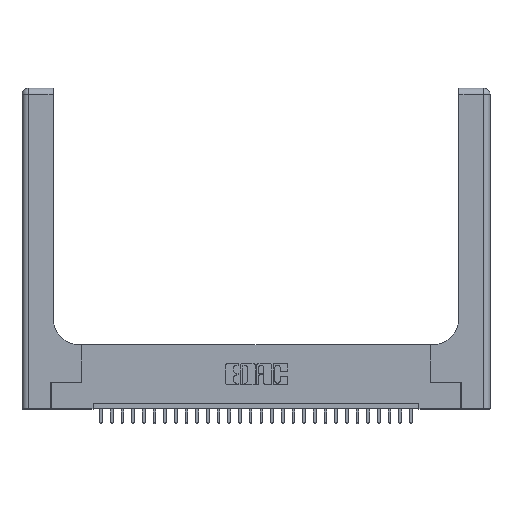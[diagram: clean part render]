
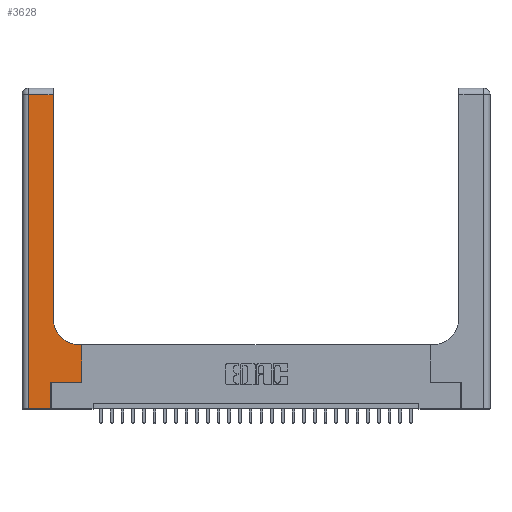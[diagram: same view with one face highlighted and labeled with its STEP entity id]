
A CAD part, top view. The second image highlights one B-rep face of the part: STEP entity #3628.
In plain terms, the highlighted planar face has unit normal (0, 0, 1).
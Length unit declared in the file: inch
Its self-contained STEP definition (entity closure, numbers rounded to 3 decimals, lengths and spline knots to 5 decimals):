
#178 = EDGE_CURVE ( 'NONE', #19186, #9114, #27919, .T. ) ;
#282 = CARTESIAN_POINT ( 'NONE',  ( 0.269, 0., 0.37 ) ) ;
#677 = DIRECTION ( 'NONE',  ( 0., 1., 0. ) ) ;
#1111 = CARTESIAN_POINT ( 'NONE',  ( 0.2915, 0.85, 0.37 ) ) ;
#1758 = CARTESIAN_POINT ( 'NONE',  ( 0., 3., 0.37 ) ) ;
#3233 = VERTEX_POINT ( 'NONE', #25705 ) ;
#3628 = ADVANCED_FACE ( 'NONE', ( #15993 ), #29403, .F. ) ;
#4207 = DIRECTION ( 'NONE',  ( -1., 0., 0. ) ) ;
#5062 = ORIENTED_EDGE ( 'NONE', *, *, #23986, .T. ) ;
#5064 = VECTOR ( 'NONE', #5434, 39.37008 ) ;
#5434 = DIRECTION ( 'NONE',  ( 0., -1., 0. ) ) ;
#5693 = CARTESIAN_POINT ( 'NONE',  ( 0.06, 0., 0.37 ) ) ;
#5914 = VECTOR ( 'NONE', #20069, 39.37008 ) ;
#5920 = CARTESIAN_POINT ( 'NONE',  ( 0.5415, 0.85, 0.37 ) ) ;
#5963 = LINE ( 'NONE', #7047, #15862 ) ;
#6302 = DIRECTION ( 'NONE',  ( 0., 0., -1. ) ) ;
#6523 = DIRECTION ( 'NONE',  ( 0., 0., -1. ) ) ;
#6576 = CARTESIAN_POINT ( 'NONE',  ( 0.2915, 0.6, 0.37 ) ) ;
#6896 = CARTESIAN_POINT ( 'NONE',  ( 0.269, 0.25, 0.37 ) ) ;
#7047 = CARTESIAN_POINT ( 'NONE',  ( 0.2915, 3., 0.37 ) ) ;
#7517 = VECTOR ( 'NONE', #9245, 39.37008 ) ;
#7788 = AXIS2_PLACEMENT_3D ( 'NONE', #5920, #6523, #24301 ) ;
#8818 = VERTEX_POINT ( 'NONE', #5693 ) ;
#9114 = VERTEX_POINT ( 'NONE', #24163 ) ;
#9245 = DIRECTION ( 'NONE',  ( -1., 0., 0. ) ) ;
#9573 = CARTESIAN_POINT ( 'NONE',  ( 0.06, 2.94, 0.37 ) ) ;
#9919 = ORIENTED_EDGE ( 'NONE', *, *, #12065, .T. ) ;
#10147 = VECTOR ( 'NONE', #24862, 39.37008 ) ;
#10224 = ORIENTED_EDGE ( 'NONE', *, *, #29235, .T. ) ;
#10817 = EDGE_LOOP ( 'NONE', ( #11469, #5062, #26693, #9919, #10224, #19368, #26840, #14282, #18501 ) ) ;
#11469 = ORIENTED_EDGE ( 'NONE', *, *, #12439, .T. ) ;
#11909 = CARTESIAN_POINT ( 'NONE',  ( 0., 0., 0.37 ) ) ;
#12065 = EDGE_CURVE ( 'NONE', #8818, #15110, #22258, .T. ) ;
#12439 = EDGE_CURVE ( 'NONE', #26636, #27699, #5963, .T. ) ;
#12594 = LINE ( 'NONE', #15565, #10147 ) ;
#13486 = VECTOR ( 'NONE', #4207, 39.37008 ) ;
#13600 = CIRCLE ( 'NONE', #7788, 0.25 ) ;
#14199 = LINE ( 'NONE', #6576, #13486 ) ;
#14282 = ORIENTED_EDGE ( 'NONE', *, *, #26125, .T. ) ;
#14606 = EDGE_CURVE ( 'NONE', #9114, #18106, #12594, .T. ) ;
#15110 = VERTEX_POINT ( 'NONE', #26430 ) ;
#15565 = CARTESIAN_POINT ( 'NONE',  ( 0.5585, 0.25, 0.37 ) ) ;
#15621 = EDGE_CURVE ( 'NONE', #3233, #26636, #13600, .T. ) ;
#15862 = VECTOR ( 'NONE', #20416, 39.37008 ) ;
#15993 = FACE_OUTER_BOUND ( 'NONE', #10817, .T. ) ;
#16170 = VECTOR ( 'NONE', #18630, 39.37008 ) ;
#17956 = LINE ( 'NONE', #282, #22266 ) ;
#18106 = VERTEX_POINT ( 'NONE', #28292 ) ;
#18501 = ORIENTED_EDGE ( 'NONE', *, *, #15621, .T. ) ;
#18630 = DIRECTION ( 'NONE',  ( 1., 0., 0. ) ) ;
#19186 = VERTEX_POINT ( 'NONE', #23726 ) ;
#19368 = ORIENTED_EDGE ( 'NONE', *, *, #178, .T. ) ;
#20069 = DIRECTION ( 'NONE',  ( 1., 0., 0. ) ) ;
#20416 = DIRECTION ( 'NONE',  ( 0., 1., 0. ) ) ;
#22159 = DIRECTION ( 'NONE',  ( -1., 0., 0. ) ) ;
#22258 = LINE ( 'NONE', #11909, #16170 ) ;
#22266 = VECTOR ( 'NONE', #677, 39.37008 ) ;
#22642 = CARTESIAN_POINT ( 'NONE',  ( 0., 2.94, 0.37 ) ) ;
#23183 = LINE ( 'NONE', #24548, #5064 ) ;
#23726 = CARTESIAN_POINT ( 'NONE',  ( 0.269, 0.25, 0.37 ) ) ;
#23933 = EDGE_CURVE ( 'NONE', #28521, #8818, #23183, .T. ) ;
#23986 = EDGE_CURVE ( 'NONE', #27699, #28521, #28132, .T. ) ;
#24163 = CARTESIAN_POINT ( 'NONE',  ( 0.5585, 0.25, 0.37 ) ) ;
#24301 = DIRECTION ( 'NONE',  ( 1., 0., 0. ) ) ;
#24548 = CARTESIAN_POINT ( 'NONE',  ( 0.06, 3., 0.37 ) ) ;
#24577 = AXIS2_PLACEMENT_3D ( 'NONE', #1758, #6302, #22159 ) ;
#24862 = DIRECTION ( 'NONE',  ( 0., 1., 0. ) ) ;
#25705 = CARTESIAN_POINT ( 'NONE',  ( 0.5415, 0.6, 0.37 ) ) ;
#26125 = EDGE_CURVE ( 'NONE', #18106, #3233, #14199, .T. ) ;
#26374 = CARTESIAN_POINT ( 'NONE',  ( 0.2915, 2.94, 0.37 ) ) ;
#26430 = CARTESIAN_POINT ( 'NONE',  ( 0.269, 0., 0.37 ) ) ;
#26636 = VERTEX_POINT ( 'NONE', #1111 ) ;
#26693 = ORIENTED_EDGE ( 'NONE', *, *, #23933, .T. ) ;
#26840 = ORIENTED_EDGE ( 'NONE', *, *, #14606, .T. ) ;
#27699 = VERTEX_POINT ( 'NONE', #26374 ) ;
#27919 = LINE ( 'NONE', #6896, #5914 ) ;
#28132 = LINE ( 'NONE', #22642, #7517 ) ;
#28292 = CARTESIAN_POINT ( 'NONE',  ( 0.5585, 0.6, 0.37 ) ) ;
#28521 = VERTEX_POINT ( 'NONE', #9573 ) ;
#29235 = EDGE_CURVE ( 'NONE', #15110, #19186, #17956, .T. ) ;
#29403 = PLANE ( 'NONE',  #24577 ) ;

..........

_ASSIGNMENT_: From the line with "#28132 = LINE ( 'NONE', #22642, #7517 ) ;" to the final line of the data above, please reproduce every line exactly and add nothing.

_RESULT OF THIS EXERCISE_:
#28132 = LINE ( 'NONE', #22642, #7517 ) ;
#28292 = CARTESIAN_POINT ( 'NONE',  ( 0.5585, 0.6, 0.37 ) ) ;
#28521 = VERTEX_POINT ( 'NONE', #9573 ) ;
#29235 = EDGE_CURVE ( 'NONE', #15110, #19186, #17956, .T. ) ;
#29403 = PLANE ( 'NONE',  #24577 ) ;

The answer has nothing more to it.